***** Data supplied
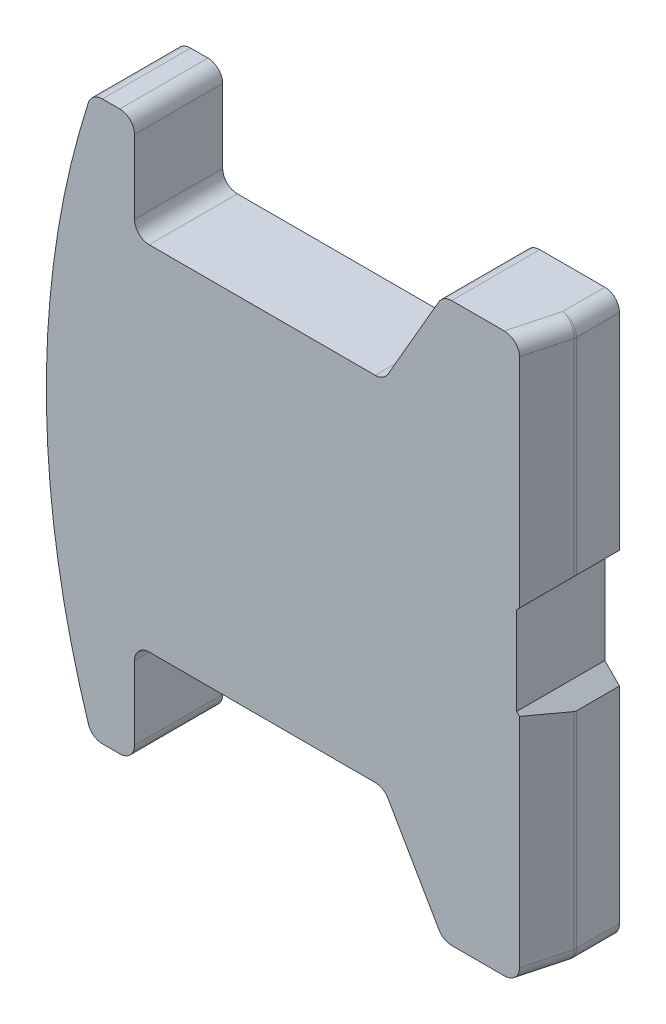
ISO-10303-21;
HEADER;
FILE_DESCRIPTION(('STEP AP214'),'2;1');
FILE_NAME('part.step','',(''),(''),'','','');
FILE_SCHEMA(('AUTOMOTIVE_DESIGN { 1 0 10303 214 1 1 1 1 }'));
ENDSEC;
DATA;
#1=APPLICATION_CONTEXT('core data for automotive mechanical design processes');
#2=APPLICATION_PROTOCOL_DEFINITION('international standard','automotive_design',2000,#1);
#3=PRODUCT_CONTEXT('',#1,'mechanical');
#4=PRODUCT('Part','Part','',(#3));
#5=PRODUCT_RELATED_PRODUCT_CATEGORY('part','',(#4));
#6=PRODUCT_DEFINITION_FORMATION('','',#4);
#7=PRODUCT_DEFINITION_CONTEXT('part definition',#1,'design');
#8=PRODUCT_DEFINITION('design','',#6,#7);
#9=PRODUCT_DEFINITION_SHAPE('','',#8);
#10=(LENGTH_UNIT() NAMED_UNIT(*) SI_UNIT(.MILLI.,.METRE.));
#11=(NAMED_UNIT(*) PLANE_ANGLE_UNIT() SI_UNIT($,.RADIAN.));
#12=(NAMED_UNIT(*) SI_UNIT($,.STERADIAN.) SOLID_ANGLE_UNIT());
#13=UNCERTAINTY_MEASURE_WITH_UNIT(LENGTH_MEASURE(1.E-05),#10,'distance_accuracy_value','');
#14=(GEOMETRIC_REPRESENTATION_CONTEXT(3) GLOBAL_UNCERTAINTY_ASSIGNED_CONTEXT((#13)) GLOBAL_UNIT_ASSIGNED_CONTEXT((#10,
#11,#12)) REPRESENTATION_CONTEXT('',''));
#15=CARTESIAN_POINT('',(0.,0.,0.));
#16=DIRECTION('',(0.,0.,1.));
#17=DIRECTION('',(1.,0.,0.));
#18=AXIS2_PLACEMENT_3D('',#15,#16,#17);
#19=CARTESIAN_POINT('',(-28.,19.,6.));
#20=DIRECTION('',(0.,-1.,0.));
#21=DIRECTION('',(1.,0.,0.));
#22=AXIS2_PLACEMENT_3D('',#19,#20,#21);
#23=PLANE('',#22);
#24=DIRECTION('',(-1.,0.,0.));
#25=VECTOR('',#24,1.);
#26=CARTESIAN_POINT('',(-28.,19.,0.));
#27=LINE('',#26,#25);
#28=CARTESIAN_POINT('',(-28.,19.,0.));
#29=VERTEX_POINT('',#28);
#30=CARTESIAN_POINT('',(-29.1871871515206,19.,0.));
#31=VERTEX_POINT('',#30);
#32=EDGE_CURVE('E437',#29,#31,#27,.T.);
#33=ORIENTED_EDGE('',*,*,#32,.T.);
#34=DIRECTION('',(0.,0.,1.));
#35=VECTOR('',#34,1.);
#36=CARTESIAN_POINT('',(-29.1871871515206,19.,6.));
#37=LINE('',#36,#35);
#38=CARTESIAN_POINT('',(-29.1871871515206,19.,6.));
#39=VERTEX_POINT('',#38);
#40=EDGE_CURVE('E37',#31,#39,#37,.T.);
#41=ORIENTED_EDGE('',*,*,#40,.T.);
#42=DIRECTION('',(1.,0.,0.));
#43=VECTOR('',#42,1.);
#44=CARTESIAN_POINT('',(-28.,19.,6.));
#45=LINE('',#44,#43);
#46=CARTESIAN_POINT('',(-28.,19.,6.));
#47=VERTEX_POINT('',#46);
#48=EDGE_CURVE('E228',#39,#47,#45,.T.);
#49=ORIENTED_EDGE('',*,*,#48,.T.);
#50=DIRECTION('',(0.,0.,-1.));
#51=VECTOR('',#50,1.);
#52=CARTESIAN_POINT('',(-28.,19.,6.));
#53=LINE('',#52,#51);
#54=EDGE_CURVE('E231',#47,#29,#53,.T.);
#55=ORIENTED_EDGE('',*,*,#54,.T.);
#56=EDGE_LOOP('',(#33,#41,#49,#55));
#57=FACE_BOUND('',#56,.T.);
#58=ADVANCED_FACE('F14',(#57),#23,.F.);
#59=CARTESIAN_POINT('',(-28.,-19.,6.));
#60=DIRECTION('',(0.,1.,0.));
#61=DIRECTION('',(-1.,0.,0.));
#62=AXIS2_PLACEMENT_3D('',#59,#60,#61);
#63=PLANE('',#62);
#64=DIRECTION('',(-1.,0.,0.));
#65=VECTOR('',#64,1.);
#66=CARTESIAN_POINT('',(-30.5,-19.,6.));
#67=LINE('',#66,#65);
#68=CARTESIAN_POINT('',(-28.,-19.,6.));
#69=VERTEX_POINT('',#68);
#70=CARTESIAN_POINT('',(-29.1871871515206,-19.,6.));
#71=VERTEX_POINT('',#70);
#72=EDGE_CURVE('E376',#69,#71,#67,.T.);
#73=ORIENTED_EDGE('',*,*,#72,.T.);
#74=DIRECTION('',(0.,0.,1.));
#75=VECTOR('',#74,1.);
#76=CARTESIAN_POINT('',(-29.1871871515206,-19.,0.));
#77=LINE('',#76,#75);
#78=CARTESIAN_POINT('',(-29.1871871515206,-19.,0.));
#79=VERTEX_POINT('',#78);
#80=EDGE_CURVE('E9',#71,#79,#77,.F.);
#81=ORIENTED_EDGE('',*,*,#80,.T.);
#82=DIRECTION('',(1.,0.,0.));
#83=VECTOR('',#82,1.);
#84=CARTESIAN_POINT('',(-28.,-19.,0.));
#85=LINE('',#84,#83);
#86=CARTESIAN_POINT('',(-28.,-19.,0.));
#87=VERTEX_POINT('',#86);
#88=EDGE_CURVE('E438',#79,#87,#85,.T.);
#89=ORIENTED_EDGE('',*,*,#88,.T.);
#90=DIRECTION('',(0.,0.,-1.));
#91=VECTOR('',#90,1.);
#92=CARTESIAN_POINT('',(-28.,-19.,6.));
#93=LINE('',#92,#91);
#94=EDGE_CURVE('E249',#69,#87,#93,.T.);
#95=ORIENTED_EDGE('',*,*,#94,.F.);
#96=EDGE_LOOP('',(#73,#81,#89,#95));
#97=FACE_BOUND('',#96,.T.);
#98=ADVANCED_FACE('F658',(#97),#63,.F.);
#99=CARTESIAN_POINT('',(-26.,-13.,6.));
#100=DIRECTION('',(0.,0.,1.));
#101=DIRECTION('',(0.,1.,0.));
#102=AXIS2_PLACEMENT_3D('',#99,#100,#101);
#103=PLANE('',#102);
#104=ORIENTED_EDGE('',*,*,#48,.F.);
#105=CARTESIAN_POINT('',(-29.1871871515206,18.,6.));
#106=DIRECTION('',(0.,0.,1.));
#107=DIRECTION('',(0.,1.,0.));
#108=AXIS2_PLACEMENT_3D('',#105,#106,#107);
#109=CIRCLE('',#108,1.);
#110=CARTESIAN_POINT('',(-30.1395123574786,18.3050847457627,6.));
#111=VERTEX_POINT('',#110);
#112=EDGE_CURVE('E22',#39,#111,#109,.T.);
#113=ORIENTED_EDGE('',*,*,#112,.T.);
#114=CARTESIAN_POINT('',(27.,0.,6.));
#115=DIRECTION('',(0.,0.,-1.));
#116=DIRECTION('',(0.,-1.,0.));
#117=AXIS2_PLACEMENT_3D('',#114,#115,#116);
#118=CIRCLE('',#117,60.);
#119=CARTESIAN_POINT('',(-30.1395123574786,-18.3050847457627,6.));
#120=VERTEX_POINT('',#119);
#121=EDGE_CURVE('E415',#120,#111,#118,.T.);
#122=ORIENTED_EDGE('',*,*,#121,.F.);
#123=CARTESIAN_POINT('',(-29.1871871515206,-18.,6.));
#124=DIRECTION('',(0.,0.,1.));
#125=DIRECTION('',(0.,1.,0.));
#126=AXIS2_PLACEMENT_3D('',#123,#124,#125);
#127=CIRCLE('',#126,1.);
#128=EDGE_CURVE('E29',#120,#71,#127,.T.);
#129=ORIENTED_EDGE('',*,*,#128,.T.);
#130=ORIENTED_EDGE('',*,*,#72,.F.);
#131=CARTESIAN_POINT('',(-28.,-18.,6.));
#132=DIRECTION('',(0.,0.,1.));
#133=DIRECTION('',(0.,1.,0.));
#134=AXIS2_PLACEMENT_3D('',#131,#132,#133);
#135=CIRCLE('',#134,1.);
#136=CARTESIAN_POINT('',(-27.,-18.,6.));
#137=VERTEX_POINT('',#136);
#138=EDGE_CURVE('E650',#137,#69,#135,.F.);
**********
> **What to work on**
Starting from the first line of the listing above, write out every line exactly through the one containing "#1=APPLICATION_CONTEXT('core data for", and drop the pictures.

> **Task solution**
ISO-10303-21;
HEADER;
FILE_DESCRIPTION(('STEP AP214'),'2;1');
FILE_NAME('part.step','',(''),(''),'','','');
FILE_SCHEMA(('AUTOMOTIVE_DESIGN { 1 0 10303 214 1 1 1 1 }'));
ENDSEC;
DATA;
#1=APPLICATION_CONTEXT('core data for automotive mechanical design processes');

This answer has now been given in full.